- **About this task**: Scan the records for "scene". Report each line that includes it.

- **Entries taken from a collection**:

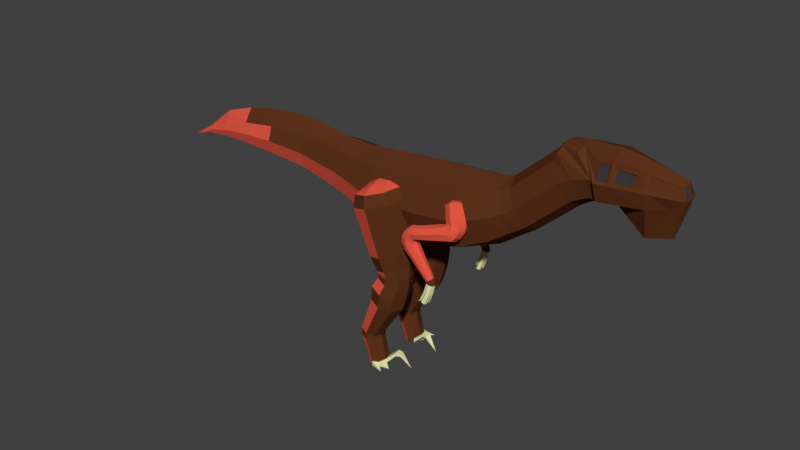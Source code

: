 # Source: Small_Carnivore_Wood.blend  (saved by Blender 2.78.0; exported with 4.5.12 LTS)
import bpy
from mathutils import Matrix  # noqa: F401  (used for matrix-valued properties, if any)

bpy.ops.wm.read_factory_settings(use_empty=True)
scene = bpy.context.scene
scene.name = 'Scene'

# ---- collections
col_collection_1 = bpy.data.collections.new('Collection 1'); scene.collection.children.link(col_collection_1)

# ---- materials (node trees are filled in below, after node groups)
mat_hide_red_small_carnivore_wood = bpy.data.materials.new('Hide Red Small Carnivore Wood')
mat_hide_red_small_carnivore_wood.alpha_threshold = 0.0
mat_hide_red_small_carnivore_wood.use_transparent_shadow = False
mat_hide_red_small_carnivore_wood.diffuse_color = (0.8, 0.1, 0.06, 1.0)
mat_hide_red_small_carnivore_wood.roughness = 0.5
mat_hide_red_small_carnivore_wood.specular_intensity = 0.0
mat_hide_brown_small_carnivore_wood = bpy.data.materials.new('Hide Brown Small Carnivore Wood')
mat_hide_brown_small_carnivore_wood.alpha_threshold = 0.0
mat_hide_brown_small_carnivore_wood.use_transparent_shadow = False
mat_hide_brown_small_carnivore_wood.diffuse_color = (0.115, 0.034, 0.012, 1.0)
mat_hide_brown_small_carnivore_wood.roughness = 0.5
mat_hide_brown_small_carnivore_wood.specular_intensity = 0.0
mat_eyes_small_carnivore_wood = bpy.data.materials.new('Eyes Small Carnivore Wood')
mat_eyes_small_carnivore_wood.alpha_threshold = 0.0
mat_eyes_small_carnivore_wood.use_transparent_shadow = False
mat_eyes_small_carnivore_wood.diffuse_color = (0.03968, 0.03968, 0.03968, 1.0)
mat_eyes_small_carnivore_wood.roughness = 0.5
mat_bone_small_carnivore_wood = bpy.data.materials.new('Bone Small Carnivore Wood')
mat_bone_small_carnivore_wood.alpha_threshold = 0.0
mat_bone_small_carnivore_wood.use_transparent_shadow = False
mat_bone_small_carnivore_wood.diffuse_color = (0.8, 0.8, 0.43, 1.0)
mat_bone_small_carnivore_wood.roughness = 0.5
mat_bone_small_carnivore_wood.specular_intensity = 1.0

# ---- material node trees

# ---- world
world_world = bpy.data.worlds.new('World'); scene.world = world_world
world_world.color = (0.05088, 0.05088, 0.05088)
world_world.use_sun_shadow = False
world_world.sun_shadow_jitter_overblur = 0.0
world_world.cycles.sampling_method = 'MANUAL'

# ---- meshes
me_cube_001 = bpy.data.meshes.new('Cube.001')
me_cube_001.from_pydata([(1.011, -0.3789, 0.6201), (1.011, -0.3789, 1.572), (1.011, 0.3789, 0.6201), (1.011, 0.3789, 1.572), (1.861, -0.4011, 0.6314), (1.861, -0.4011, 1.639), (1.861, 0.4011, 0.6314), (1.861, 0.4011, 1.639), (1.011, 0.0, 0.4366), (1.011, 0.0, 1.755), (1.861, 0.0, 0.487), (1.861, 0.0, 1.833), (1.011, -0.525, 1.096), (1.011, 0.525, 1.096), (1.861, 0.5557, 1.135), (1.861, -0.5557, 1.135), (3.051, 0.4374, 1.364), (0.1804, 0.0, 0.7449), (0.5906, 0.0, 0.5977), (0.5906, -0.3197, 0.7526), (0.5906, -0.4431, 1.154), (0.5906, -0.3197, 1.556), (0.5906, 0.0, 1.71), (0.5906, 0.3197, 1.556), (0.5906, 0.4431, 1.154), (0.5906, 0.3197, 0.7526), (-0.6641, 0.0, 0.927), (0.1804, -0.281, 0.881), (0.1804, -0.3893, 1.234), (0.1804, -0.281, 1.587), (0.1804, 0.0, 1.723), (0.1804, 0.281, 1.587), (0.1804, 0.3893, 1.234), (0.1804, 0.281, 0.881), (-1.438, 0.0, 0.9731), (-0.6641, -0.2164, 1.032), (-0.6641, -0.2999, 1.304), (-0.6641, -0.2164, 1.575), (-0.6641, 0.0, 1.839), (-0.6641, 0.2164, 1.575), (-0.6641, 0.2999, 1.304), (-0.6641, 0.2164, 1.032), (-2.102, 0.0, 0.9824), (-1.438, -0.1899, 1.065), (-1.438, -0.2632, 1.304), (-1.438, -0.1899, 1.542), (-1.438, 0.0, 1.793), (-1.438, 0.1899, 1.542), (-1.438, 0.2632, 1.304), (-1.438, 0.1899, 1.065), (-2.655, 0.0, 0.9778), (-2.102, -0.1481, 1.054), (-2.102, -0.2051, 1.24), (-2.102, -0.1481, 1.426), (-2.102, 0.0, 1.656), (-2.102, 0.1481, 1.426), (-2.102, 0.2051, 1.24), (-2.102, 0.1481, 1.054), (-3.15, 0.0, 0.9233), (-2.655, -0.09599, 1.024), (-2.655, -0.133, 1.145), (-2.655, -0.09599, 1.265), (-2.655, 0.0, 1.47), (-2.655, 0.09599, 1.265), (-2.655, 0.133, 1.145), (-2.655, 0.09599, 1.024), (-3.15, -0.04336, 0.9443), (-3.15, -0.06008, 0.9987), (-3.15, -0.04336, 1.053), (-3.15, 0.0, 1.074), (-3.15, 0.04336, 1.053), (-3.15, 0.06008, 0.9987), (-3.15, 0.04336, 0.9443), (-3.587, 0.0, 0.7943), (2.559, 0.5341, 1.211), (2.559, 0.3855, 0.7267), (2.559, 0.0, 0.5899), (2.559, 0.0, 1.881), (2.559, -0.3855, 1.695), (2.559, -0.5341, 1.211), (2.559, -0.3855, 0.7267), (2.559, 0.3855, 1.695), (3.301, 0.364, 1.493), (3.086, 0.3157, 0.9688), (3.099, 0.0, 0.8165), (3.004, 0.0, 1.911), (3.017, -0.3157, 1.759), (3.051, -0.4374, 1.364), (3.086, -0.3157, 0.9688), (3.017, 0.3157, 1.759), (3.498, 0.3322, 1.613), (3.386, 0.2627, 1.175), (3.419, 0.0, 1.052), (3.183, 0.0, 1.935), (3.216, -0.2627, 1.812), (3.301, -0.364, 1.493), (3.386, -0.2627, 1.175), (3.216, 0.2627, 1.812), (4.182, 0.3322, 2.222), (3.646, 0.2397, 1.35), (3.703, 0.0, 1.249), (3.293, 0.0, 1.976), (3.351, -0.2397, 1.875), (3.498, -0.3322, 1.613), (3.646, -0.2397, 1.35), (3.351, 0.2397, 1.875), (4.377, 0.3322, 2.332), (4.33, 0.2397, 1.96), (4.387, 0.0, 1.859), (3.977, 0.0, 2.585), (4.034, -0.2397, 2.484), (4.182, -0.3322, 2.222), (4.33, -0.2397, 1.96), (4.034, 0.2397, 2.484), (4.614, 0.3322, 2.411), (4.472, 0.2397, 2.046), (4.509, 0.0, 1.936), (4.044, 0.0, 2.674), (4.081, -0.2397, 2.618), (4.377, -0.3322, 2.332), (4.472, -0.2397, 2.046), (4.081, 0.2397, 2.618), (4.679, 0.3322, 2.411), (4.614, 0.2397, 2.11), (4.614, 0.0, 1.994), (4.127, 0.0, 2.755), (4.127, -0.1769, 2.712), (4.614, -0.3322, 2.411), (4.614, -0.2397, 2.11), (4.127, 0.1769, 2.712), (4.765, 0.3627, 2.447), (4.679, 0.2397, 2.11), (4.679, 0.0, 1.994), (4.392, 0.0, 2.828), (4.392, -0.2397, 2.712), (4.679, -0.3322, 2.411), (4.679, -0.2397, 2.11), (4.392, 0.2397, 2.712), (5.348, 0.2496, 2.464), (4.728, 0.2838, 2.11), (4.728, 0.0, 1.994), (4.442, 0.0, 2.828), (4.765, -0.2818, 2.674), (4.765, -0.3627, 2.447), (4.728, -0.2838, 2.11), (4.765, 0.2818, 2.674), (5.911, 0.1156, 2.436), (5.404, 0.1848, 2.157), (5.35, 0.0, 1.663), (5.404, 0.0, 2.763), (5.349, -0.2105, 2.616), (5.348, -0.2496, 2.464), (5.404, -0.1848, 2.157), (5.349, 0.2105, 2.616), (5.739, 0.1046, 2.237), (5.767, 0.0, 1.793), (5.886, 0.02505, 2.612), (5.862, -0.08321, 2.571), (5.911, -0.1156, 2.436), (5.739, -0.1046, 2.237), (5.862, 0.08321, 2.571), (5.925, 0.02372, 2.435), (5.824, 0.1151, 2.555), (5.886, -0.02505, 2.612), (5.861, 0.1405, 2.446), (5.925, -0.02372, 2.435), (5.882, 0.0, 2.653), (5.824, -0.1151, 2.555), (5.861, -0.1405, 2.446), (5.94, 0.0, 2.411), (5.852, 0.08321, 2.571), (5.876, 0.02505, 2.612), (5.901, 0.1156, 2.436), (5.915, 0.02372, 2.435), (5.876, -0.02505, 2.612), (5.852, -0.08321, 2.571), (5.901, -0.1156, 2.436), (5.915, -0.02372, 2.435), (4.926, 0.0, 2.844), (4.981, -0.2627, 2.641), (4.926, -0.2548, 2.124), (4.926, 0.0, 2.013), (4.981, 0.3259, 2.465), (4.926, 0.2548, 2.124), (4.981, 0.2627, 2.641), (4.981, -0.3259, 2.465), (4.889, -0.2651, 2.666), (5.439, -0.1822, 2.624), (5.439, 0.1822, 2.624), (5.439, 0.2298, 2.446), (5.439, -0.2298, 2.446), (4.889, 0.3373, 2.446), (4.889, 0.2651, 2.666), (4.889, -0.3373, 2.446), (5.006, -0.2517, 2.641), (5.234, -0.2017, 2.616), (5.234, 0.2017, 2.616), (5.234, 0.2392, 2.464), (5.234, -0.2392, 2.464), (5.006, 0.3123, 2.465), (5.006, 0.2517, 2.641), (5.006, -0.3123, 2.465), (4.442, 0.1345, 2.78), (4.728, 0.3932, 2.411), (4.442, -0.1345, 2.78), (4.728, -0.3932, 2.411), (4.926, -0.3531, 2.411), (4.926, -0.2548, 2.766), (4.926, 0.3531, 2.411), (4.926, 0.2548, 2.766), (5.404, 0.1848, 2.665), (5.404, 0.256, 2.411), (5.404, -0.1848, 2.665), (5.404, -0.256, 2.411), (5.85, -0.1046, 2.586), (5.909, -0.1449, 2.411), (5.85, 0.1046, 2.586), (5.909, 0.1449, 2.411), (0.9022, 0.1037, 1.001), (0.8949, 0.1488, 1.207), (0.9022, 0.7752, 1.001), (0.8949, 0.7301, 1.207), (1.545, 0.1037, 1.222), (1.452, 0.1488, 1.399), (1.545, 0.7752, 1.222), (1.452, 0.7301, 1.399), (1.224, 0.895, 1.112), (1.173, 0.8338, 1.303), (1.224, -0.01616, 1.112), (1.173, 0.04504, 1.303), (0.7875, 0.4394, 0.9616), (0.7956, 0.4394, 1.173), (1.66, 0.4394, 1.262), (1.551, 0.4394, 1.433), (1.137, 0.4394, 1.442), (1.198, 0.4556, -0.04172), (1.148, 0.2422, 1.4), (0.9589, 0.4394, 1.335), (1.148, 0.6366, 1.4), (1.337, 0.4394, 1.465), (1.085, 0.4556, 0.1949), (1.172, 0.1989, 0.2251), (1.418, 0.8039, 0.3096), (1.172, 0.7123, 0.2251), (1.752, 0.4556, 0.4243), (1.664, 0.7123, 0.3942), (1.418, 0.1073, 0.3096), (1.664, 0.1989, 0.3942), (1.269, 0.2451, -0.01699), (1.471, 0.7412, 0.05232), (1.269, 0.6661, -0.01699), (1.744, 0.4556, 0.1464), (1.673, 0.6661, 0.1216), (1.471, 0.17, 0.05232), (1.673, 0.2451, 0.1216), (1.212, 0.4556, -0.1233), (1.22, 0.4556, -0.06256), (1.29, 0.2527, -0.06256), (1.484, 0.731, -0.06256), (1.29, 0.6585, -0.06256), (1.748, 0.4556, -0.06256), (1.678, 0.6585, -0.06256), (1.484, 0.1803, -0.06256), (1.678, 0.2527, -0.06256), (1.097, 0.4556, -0.2995), (1.28, 0.2527, -0.1385), (1.47, 0.731, -0.1813), (1.28, 0.6585, -0.1385), (1.729, 0.4556, -0.2392), (1.661, 0.6585, -0.224), (1.47, 0.1803, -0.1813), (1.661, 0.2527, -0.224), (1.073, 0.4556, -0.5642), (1.174, 0.2251, -0.3168), (1.391, 0.7684, -0.3654), (1.174, 0.6861, -0.3168), (1.685, 0.4556, -0.4312), (1.607, 0.6861, -0.4139), (1.391, 0.1429, -0.3654), (1.607, 0.2251, -0.4139), (0.8197, 0.4556, -1.234), (1.144, 0.2458, -0.58), (1.341, 0.7403, -0.6241), (1.144, 0.6655, -0.58), (1.608, 0.4556, -0.6841), (1.538, 0.6655, -0.6683), (1.341, 0.1709, -0.6241), (1.538, 0.2458, -0.6683), (0.8137, 0.4556, -1.383), (0.8668, 0.3152, -1.244), (0.9987, 0.6461, -1.274), (0.8668, 0.596, -1.244), (1.178, 0.4556, -1.314), (1.131, 0.596, -1.303), (0.9987, 0.2651, -1.274), (1.131, 0.3152, -1.303), (0.9954, 0.4556, -1.766), (0.8608, 0.3152, -1.383), (0.9927, 0.6461, -1.383), (0.8608, 0.596, -1.383), (1.172, 0.4556, -1.383), (1.125, 0.596, -1.383), (0.9927, 0.2651, -1.383), (1.125, 0.3152, -1.383), (0.9954, 0.4556, -1.846), (1.03, 0.3152, -1.766), (1.125, 0.6461, -1.766), (1.03, 0.596, -1.766), (1.255, 0.4556, -1.766), (1.221, 0.596, -1.766), (1.125, 0.2651, -1.766), (1.221, 0.3152, -1.766), (1.03, 0.3152, -1.846), (1.125, 0.6461, -1.846), (1.03, 0.596, -1.846), (1.255, 0.4556, -1.846), (1.221, 0.596, -1.846), (1.125, 0.279, -1.846), (1.221, 0.3152, -1.846), (1.257, 0.4556, -1.863), (1.413, 0.5684, -1.832), (1.357, 0.704, -1.832), (1.408, 0.3101, -1.596), (1.433, 0.4162, -1.596), (1.408, 0.3101, -1.656), (1.433, 0.4162, -1.656), (1.486, 0.3018, -1.601), (1.506, 0.3878, -1.601), (1.486, 0.3018, -1.65), (1.506, 0.3878, -1.65), (1.689, 0.3199, -1.836), (2.572, 0.373, 1.129), (2.476, 0.2789, 1.333), (2.531, 0.5936, 1.216), (2.435, 0.4994, 1.42), (2.788, 0.373, 1.236), (2.692, 0.2789, 1.44), (2.747, 0.5936, 1.323), (2.651, 0.4994, 1.528), (2.518, 0.4833, 1.156), (2.422, 0.3892, 1.36), (2.801, 0.4833, 1.296), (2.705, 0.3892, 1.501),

- **Answer for the task**:
scene = bpy.context.scene
scene.name = 'Scene'
col_collection_1 = bpy.data.collections.new('Collection 1'); scene.collection.children.link(col_collection_1)
world_world = bpy.data.worlds.new('World'); scene.world = world_world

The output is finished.